▶ Data records
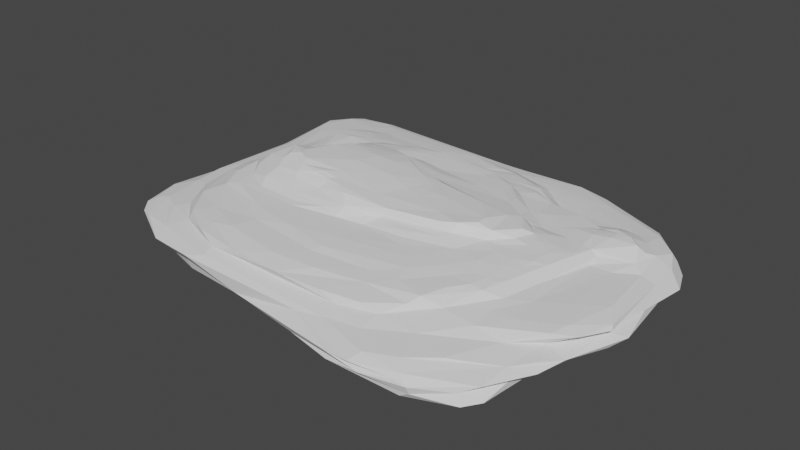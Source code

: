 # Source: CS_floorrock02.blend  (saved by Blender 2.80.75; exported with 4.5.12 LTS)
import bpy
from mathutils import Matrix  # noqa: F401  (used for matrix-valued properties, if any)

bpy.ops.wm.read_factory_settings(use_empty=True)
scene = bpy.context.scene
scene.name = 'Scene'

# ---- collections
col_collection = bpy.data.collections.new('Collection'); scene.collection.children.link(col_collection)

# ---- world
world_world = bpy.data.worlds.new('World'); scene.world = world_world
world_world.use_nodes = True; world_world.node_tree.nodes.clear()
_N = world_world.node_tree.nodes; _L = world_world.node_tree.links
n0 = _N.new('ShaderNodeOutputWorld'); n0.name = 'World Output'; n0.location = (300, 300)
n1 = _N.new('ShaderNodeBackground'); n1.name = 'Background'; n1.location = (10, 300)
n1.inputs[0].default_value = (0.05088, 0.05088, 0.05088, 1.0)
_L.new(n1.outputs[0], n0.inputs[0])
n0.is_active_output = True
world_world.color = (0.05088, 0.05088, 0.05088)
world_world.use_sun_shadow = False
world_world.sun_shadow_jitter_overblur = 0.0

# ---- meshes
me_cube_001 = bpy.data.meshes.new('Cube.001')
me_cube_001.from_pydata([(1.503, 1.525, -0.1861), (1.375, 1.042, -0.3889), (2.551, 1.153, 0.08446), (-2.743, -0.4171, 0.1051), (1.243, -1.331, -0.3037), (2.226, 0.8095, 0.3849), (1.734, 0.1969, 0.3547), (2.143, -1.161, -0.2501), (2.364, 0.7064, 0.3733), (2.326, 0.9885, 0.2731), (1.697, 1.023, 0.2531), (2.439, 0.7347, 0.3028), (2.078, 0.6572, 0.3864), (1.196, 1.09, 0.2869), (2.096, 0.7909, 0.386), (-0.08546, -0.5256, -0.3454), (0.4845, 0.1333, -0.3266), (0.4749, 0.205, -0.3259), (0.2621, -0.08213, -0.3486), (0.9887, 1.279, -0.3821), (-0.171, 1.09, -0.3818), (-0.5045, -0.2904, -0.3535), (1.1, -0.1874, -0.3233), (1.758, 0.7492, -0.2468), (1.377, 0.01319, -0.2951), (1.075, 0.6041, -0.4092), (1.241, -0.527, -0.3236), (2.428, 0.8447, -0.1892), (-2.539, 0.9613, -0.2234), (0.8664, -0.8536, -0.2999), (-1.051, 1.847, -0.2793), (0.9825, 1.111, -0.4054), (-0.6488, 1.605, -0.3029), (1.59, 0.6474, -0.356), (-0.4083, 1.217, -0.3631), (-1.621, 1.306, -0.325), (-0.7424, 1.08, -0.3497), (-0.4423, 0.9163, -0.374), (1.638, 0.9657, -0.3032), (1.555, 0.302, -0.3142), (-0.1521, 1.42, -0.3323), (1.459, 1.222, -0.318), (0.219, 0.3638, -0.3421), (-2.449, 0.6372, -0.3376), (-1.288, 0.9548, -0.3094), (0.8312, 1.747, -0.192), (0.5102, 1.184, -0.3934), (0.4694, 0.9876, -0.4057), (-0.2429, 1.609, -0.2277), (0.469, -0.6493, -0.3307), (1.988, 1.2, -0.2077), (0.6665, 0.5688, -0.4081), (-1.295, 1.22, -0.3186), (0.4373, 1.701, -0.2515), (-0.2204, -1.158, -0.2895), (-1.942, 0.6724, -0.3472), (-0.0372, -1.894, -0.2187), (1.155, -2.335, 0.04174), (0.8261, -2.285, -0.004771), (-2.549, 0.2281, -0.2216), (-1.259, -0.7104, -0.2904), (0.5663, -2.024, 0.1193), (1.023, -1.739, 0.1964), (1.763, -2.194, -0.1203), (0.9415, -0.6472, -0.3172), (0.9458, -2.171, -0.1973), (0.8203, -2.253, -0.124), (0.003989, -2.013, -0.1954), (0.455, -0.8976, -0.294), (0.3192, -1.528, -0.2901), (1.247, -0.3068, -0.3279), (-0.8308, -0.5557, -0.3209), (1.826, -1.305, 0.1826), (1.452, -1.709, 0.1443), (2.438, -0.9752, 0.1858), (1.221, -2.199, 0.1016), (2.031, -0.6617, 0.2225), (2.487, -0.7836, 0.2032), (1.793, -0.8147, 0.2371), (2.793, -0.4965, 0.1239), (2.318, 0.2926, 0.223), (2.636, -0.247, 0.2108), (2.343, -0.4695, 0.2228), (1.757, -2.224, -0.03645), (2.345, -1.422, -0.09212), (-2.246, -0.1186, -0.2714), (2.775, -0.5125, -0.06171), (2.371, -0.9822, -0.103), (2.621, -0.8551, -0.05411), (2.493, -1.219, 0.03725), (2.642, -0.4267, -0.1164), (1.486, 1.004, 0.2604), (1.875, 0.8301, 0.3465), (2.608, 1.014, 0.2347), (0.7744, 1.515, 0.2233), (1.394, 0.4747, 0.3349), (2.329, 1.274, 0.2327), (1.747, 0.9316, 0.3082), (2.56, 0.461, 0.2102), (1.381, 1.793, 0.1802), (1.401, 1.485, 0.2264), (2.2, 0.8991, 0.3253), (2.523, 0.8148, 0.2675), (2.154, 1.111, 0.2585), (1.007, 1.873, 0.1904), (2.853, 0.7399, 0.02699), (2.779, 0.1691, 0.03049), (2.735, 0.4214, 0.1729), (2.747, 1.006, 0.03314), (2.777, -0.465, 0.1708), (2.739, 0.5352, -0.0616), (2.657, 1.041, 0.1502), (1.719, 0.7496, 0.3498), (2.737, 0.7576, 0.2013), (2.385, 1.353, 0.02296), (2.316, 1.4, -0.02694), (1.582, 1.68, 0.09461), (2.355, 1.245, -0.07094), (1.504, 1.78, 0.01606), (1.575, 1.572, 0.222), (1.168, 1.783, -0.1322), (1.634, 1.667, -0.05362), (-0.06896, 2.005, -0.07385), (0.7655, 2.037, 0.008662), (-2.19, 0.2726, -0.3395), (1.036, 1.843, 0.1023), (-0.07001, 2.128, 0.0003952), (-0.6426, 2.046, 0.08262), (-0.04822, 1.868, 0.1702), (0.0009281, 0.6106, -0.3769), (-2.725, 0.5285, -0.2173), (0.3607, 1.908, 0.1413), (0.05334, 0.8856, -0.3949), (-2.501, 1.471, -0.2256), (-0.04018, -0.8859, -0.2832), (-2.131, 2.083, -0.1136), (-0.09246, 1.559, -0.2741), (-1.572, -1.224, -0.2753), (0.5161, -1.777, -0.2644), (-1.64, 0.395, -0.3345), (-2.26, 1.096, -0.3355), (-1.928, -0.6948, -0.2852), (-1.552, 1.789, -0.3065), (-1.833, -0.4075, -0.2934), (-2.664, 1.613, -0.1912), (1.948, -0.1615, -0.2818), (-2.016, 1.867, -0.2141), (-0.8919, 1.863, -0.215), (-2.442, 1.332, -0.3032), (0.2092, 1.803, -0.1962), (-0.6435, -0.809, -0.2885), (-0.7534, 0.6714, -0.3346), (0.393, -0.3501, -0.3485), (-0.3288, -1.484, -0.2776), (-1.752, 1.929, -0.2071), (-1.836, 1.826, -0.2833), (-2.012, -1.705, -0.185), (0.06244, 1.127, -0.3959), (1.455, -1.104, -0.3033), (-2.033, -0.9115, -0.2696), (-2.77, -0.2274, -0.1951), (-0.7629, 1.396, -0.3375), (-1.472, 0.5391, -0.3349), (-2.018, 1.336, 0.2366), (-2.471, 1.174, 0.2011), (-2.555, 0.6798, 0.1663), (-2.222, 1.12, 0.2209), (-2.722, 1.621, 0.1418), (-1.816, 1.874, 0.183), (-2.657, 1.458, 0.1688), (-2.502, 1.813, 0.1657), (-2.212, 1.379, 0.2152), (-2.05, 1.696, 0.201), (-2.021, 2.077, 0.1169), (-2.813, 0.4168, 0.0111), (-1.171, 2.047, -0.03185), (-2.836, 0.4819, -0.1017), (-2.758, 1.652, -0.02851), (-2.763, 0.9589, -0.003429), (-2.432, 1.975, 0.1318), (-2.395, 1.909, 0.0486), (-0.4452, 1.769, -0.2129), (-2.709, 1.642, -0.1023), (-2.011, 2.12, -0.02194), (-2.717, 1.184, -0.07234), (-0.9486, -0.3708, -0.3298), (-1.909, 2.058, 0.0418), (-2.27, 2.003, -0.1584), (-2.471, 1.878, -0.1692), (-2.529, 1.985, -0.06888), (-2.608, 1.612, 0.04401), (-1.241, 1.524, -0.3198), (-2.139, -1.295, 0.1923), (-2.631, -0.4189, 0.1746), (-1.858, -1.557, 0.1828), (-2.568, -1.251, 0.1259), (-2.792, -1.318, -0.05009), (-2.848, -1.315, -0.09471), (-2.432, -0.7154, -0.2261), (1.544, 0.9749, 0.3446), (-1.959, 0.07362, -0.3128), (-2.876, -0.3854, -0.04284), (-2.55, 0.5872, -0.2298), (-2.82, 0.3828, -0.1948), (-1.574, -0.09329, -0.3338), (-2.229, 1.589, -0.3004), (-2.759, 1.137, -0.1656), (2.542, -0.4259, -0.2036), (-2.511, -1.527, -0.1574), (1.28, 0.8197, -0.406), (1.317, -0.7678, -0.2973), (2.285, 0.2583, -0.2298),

▶ Task
Extract from the listing above the lines between the line containing "world_world.node_tree.nodes; _L = world_world.node_tree.links" and the line containing "me_cube_001 = bpy.data.meshes.new('Cube.001')", keeping both of those lines. Output nothing else.

▶ Response area
_N = world_world.node_tree.nodes; _L = world_world.node_tree.links
n0 = _N.new('ShaderNodeOutputWorld'); n0.name = 'World Output'; n0.location = (300, 300)
n1 = _N.new('ShaderNodeBackground'); n1.name = 'Background'; n1.location = (10, 300)
n1.inputs[0].default_value = (0.05088, 0.05088, 0.05088, 1.0)
_L.new(n1.outputs[0], n0.inputs[0])
n0.is_active_output = True
world_world.color = (0.05088, 0.05088, 0.05088)
world_world.use_sun_shadow = False
world_world.sun_shadow_jitter_overblur = 0.0

# ---- meshes
me_cube_001 = bpy.data.meshes.new('Cube.001')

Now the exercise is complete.